What you will do
Your answer should be the lines below from the one holding "line L4 (114.3, 38.1)" through the one holding "(-12.7, 19.05) L0", copied exactly and with nothing else.

--- Data under study ---

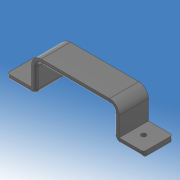
# Autodesk Inventor part: NASA-20-EBOX-LID-HANDLE-01
Saved by Autodesk Inventor 2020 (Build 240168000, 168)
## iProperties
Created: 2019-10-09
Part Number: NASA-20-EBOX-LID-HANDLE-01
Material: ABS Plastic
Document SubType Name: Modeling
Designer: mpark
Density: 1.06 g/cm^3
Appearance: Smooth - Black
Author: mpark
Autodesk Inventor part; units mm, degrees
ref_plane "YZ Plane" through (0, 0, 0) normal (1, 0, 0) x (0, 1, 0)
ref_plane "XZ Plane" through (0, 0, 0) normal (0, 1, 0) x (-1, 0, 0)
ref_plane "XY Plane" through (0, 0, 0) normal (0, 0, 1) x (1, 0, 0)
sketch "Sketch1" plane through (0, 0, 0) normal (0, 0, 1) x (1, 0, 0)
  line L0 (-88.9, 0) -> (-57.15, 0)
  line L1 (-50.8, 6.35) -> (-50.8, 31.75)
  line L2 (-44.45, 38.1) -> (44.45, 38.1)
  line L3 (50.8, 31.75) -> (50.8, 6.35)
  line L4 (57.15, 0) -> (88.9, 0)
  arc A0 (-44.45, 38.1) -> (-50.8, 31.75) centre (-44.45, 31.75) ccw
  arc A1 (50.8, 31.75) -> (44.45, 38.1) centre (44.45, 31.75) ccw
  arc A2 (-57.15, 0) -> (-50.8, 6.35) centre (-57.15, 6.35) ccw
  arc A3 (50.8, 6.35) -> (57.15, 0) centre (57.15, 6.35) ccw
  point P0 (0, 0)
  point P1 (-50.8, 0)
  point P2 (-50.8, 38.1)
  point P3 (50.8, 38.1)
  point P4 (50.8, 0)
  point P5 (0, 38.1)
  dimension "d0" = 38.1
  dimension "d1" = 38.1
  dimension "d2" = 38.1
  dimension "d3" = 101.6
  dimension "d4" = 6.35
  dimension "d5" = 6.35
  dimension "d6" = 6.35
  constraints: 10 end point, 10 point on line, 8 point on circle, 8 tangent, 4 centre point, 3 perpendicular, 1 equal radius, 1 horizontal, 1 horizontal alignment, 1 midpoint, 1 vertical alignment
  measures "d0" distance between parallel lines of L4 L2
  measures "d1" distance of L0.start point (-50.8, 0)
  measures "d2" distance of point (50.8, 0) L4.end
  measures "d3" distance of point (-50.8, 38.1) point (50.8, 38.1)
  measures "d4" radius of A0
  measures "d5" radius of A1
  measures "d6" radius of A2
surface extrude "ExtrusionSrf1" sketch "Sketch1" along normal blind 38.1 shown no curves L0 A2 L1 A0 L2 A1 L3 A3 L4
thicken "Thicken1" operation new thickness 6.35 both sides no extend neighbours no toward (0, 1, 0) faces at (-78.3167, 0, 12.7) (-51.6507, 3.175, 25.4) (-50.8, 14.8167, 12.7) (-49.6966, 35.3271, 25.4) (-14.8167, 38.1, 12.7) (48.0271, 36.9966, 25.4) (50.8, 23.2833, 12.7) (53.5729, 1.1034, 25.4) (67.7333, 0, 12.7)
fillet "Fillet1" radius 3.175 22 edges at (-88.9, 3.175, 38.1) (-88.9, 3.175, 0) (88.9, 3.175, 38.1) (88.9, 3.175, 0) (48.9401, 36.2401, 38.1) (0, 38.1, 38.1) (-48.9401, 36.2401, 38.1) (-50.8, 19.05, 38.1) (-52.6599, 1.8599, 38.1) (-73.025, 0, 38.1) (52.6599, 1.8599, 38.1) (73.025, 0, 38.1) (50.8, 19.05, 38.1) (-48.9401, 36.2401, 0) (0, 38.1, 0) (48.9401, 36.2401, 0) (50.8, 19.05, 0) (52.6599, 1.8599, 0) (73.025, 0, 0) (-52.6599, 1.8599, 0) (-73.025, 0, 0) (-50.8, 19.05, 0)
sketch "Sketch2" plane through (-57.15, 6.35, 38.1) normal (0, 1, 0) x (1, 0, 0)
  arc A0 (-28.575, 38.1) -> (-31.75, 34.925) centre (-28.575, 34.925) ccw projected
  line L0 (-31.75, 34.925) -> (-31.75, 3.175) projected
  arc A1 (-31.75, 3.175) -> (-28.575, 0) centre (-28.575, 3.175) ccw projected
  line L1 (0, 0) -> (-28.575, 0) projected
  line L2 (0, 38.1) -> (0, 0) projected
  line L3 (-28.575, 38.1) -> (0, 38.1) projected
  arc A2 (146.05, 34.925) -> (142.875, 38.1) centre (142.875, 34.925) ccw projected
  line L4 (114.3, 38.1) -> (142.875, 38.1) projected
  line L5 (114.3, 38.1) -> (114.3, 0) projected
  line L6 (142.875, 0) -> (114.3, 0) projected
  arc A3 (142.875, 0) -> (146.05, 3.175) centre (142.875, 3.175) ccw projected
  line L7 (146.05, 34.925) -> (146.05, 3.175) projected
  point P0 (57.15, 38.1)
  point P1 (-12.7, 19.05)
  point P2 (127, 19.05)
  dimension "d11" = 19.05
  dimension "d12" = 19.05
  dimension "d13" = 19.05
  constraints: 1 horizontal alignment
  measures "d11" distance from line of point (-12.7, 19.05) L0
  measures "d12" distance from line of L1 point (-12.7, 19.05)
  measures "d13" distance from line of L7 point (127, 19.05)
hole "Hole1" at (-69.85, 6.35, 19.05) at (69.85, 6.35, 19.05) direction (0, -1, 0) diameter 6.35 end through all
body "Solid1"
body "Srf1"

---

Reply to the task
  line L4 (114.3, 38.1) -> (142.875, 38.1) projected
  line L5 (114.3, 38.1) -> (114.3, 0) projected
  line L6 (142.875, 0) -> (114.3, 0) projected
  arc A3 (142.875, 0) -> (146.05, 3.175) centre (142.875, 3.175) ccw projected
  line L7 (146.05, 34.925) -> (146.05, 3.175) projected
  point P0 (57.15, 38.1)
  point P1 (-12.7, 19.05)
  point P2 (127, 19.05)
  dimension "d11" = 19.05
  dimension "d12" = 19.05
  dimension "d13" = 19.05
  constraints: 1 horizontal alignment
  measures "d11" distance from line of point (-12.7, 19.05) L0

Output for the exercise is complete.